So, there I was the next day, back at my office. One assignment left: locate the Red Sparrow. Nobody was beating at my door with new work for me to do. That was fine. It was a time for a tabulation, a tabulation of myself. All in all, I had pretty much done what I had set out to do in life. I had made some good moves. I wasn’t sleeping on the streets at night. Of course, there were a lot of good people sleeping in the streets. They weren’t fools, they just didn’t fit into the needed machinery of the moment. And those needs kept altering. It was a grim set-up and if you found yourself sleeping in your own bed at night, that alone was a precious victory over the forces. I’d been lucky but some of the moves I’d made had not been entirely without thought. But all in all it was a fairly horrible world and I felt sad, often, for most of the people in it.
Well, to hell with it. I pulled out the vodka and had a hit.
Often the best parts of life were when you weren’t doing anything at all, just mulling it over, chewing on it. I mean, say that you figure that everything is senseless, then it can’t be quite senseless because you are aware that it’s senseless and your awareness of senselessness almost gives it sense. You know what I mean? And optimistic pessimism.
The Red Sparrow. It was like the search for the Holy Grail. Maybe the water was too deep for me. And too hot.
I had another hit of vodka.
There was a rap on the door. I took my feet off the desk.
“Come on in.”
The door opened and there stood this guy, slight of build, dressed in raggedy-ass clothing. There was a smell to him. Something like kerosene. I wasn’t sure. He had small slitted eyes. He moved toward me sidewise. Then he stopped, right at the edge of my desk, leaned forward. He had a slight head twitch.
“Belane,” he said.
“Perhaps,” I answered.
“I got it all here for you,” he said.
“Good,” I said, “now take it the hell out of here.”
“Easy, Belane, I got the word.”
“Yeah? What’s the word?”
“Red Sparrow.”
“Tell me more.”
“We know you’re looking for it.”
“‘We,’ huh? Who’s ‘we’?”
“Can’t say.”
I got up, walked around the desk, grabbed him by his pitiful shirt front.
“Suppose I make you say? Suppose I kick it out of you?”
“Can’t. I don’t know.”
Somehow, I believed him. I let go. He almost fell to the floor. I walked around, sat behind my desk again.
“My name’s Amos,” he said, “Amos Redsdale. I can put you on the road to the Sparrow. You want it?”
“What is it?”
“An address. She knows about the Sparrow.”
“How much?”
“75 dollars.”
“Screw you, Amos.”
“O.k., you don’t want it? I gotta go. I gotta make the first post. I got a tip on the daily double.”
“50 bucks.”
“60,” said Amos.
“All right, let me have the address.”
I dug out 3 twenties and he handed me a slip of paper. I opened it and read it. It said: “Deja Fountain, apt. 9, 3234 Rudson Drive. W.L.A.”

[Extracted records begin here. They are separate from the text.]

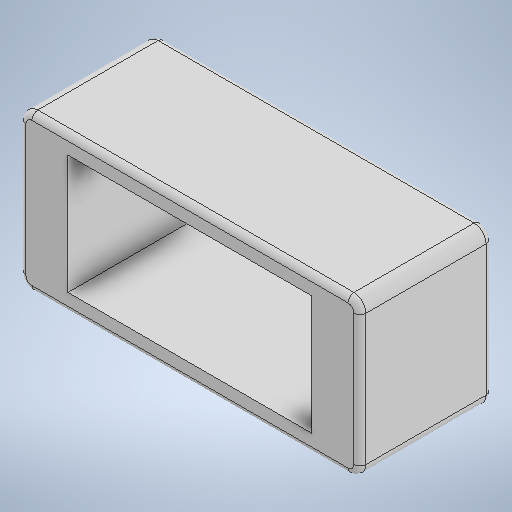
# Autodesk Inventor part: servo_to_links
Saved by Autodesk Inventor 2025 (Build 290162000, 162)
## iProperties
Created: 2024-05-25
Part Number: servo_to_links
Material: Generic
Document SubType Name: Modeling
Designer: hifzh
Density: 1 g/cm^3
Appearance: Default
Author: hifzh
Autodesk Inventor part; units mm, degrees
ref_plane "YZ Plane" through (0, 0, 0) normal (1, 0, 0) x (0, 1, 0)
ref_plane "XZ Plane" through (0, 0, 0) normal (0, 1, 0) x (-1, 0, 0)
ref_plane "XY Plane" through (0, 0, 0) normal (0, 0, 1) x (1, 0, 0)
sketch "Sketch1" plane through (0, 0, 0) normal (0, 0, 1) x (1, 0, 0)
  line L0 (0, 0) -> (0, 25.8)
  line L1 (0, 25.8) -> (56.6, 25.8)
  line L2 (56.6, 25.8) -> (56.6, 0)
  line L3 (56.6, 0) -> (0, 0)
  line L4 (8, 22.8) -> (48.6, 22.8)
  line L5 (48.6, 22.8) -> (48.6, 3)
  line L6 (48.6, 3) -> (8, 3)
  line L7 (8, 3) -> (8, 22.8)
  point P0 (28.3, 22.8)
  point P1 (28.3, 25.8)
  point P2 (28.3, 3)
  point P3 (56.6, 12.9)
  point P4 (48.6, 12.9)
  dimension "d0" = 56.6
  dimension "d1" = 25.8
  dimension "d2" = 40.6
  dimension "d3" = 19.8
  dimension "d4" = 3
  dimension "d5" = 3
  dimension "d6" = 8
  dimension "d7" = 8
  constraints: 16 end point, 6 perpendicular, 5 midpoint, 1 horizontal, 1 vertical
  measures "d0" distance of L0.end L1.end
  measures "d1" distance of L1.end L2.end
  measures "d2" distance of L4.start L4.end
  measures "d3" distance of L4.end L5.end
  measures "d4" distance of point (28.3, 22.8) point (28.3, 25.8)
  measures "d5" distance from line of L3 point (28.3, 3)
  measures "d6" distance between parallel lines of L0 L7
  measures "d7" distance of point (56.6, 12.9) point (48.6, 12.9)
extrude "Extrusion1" add sketch "Sketch1" along normal blind 22
fillet "Fillet1" radius 2 4 edges at (0, 0, 11) (0, 25.8, 11) (56.6, 25.8, 11) (56.6, 0, 11)
fillet "Fillet2" radius 1 16 edges at (0, 12.9, 22) (0.5858, 25.2142, 22) (28.3, 25.8, 22) (56.0142, 25.2142, 22) (56.6, 12.9, 22) (56.0142, 0.5858, 22) (28.3, 0, 22) (0.5858, 0.5858, 22) (28.3, 0, 0) (56.0142, 0.5858, 0) (56.6, 12.9, 0) (56.0142, 25.2142, 0) (28.3, 25.8, 0) (0.5858, 25.2142, 0) (0, 12.9, 0) (0.5858, 0.5858, 0)
body "Solid1"

“Look, Amos, you could write any kind of shit here you want. How do I know this is any good?”
“You just go there, Belane. It’s good stuff.”
“For the sake of your ass, Amos, it had better be.”
“I gotta make first post,” he said. Then he turned, walked to the door and was gone.
And I was sitting there out 60 bucks and holding a piece of paper.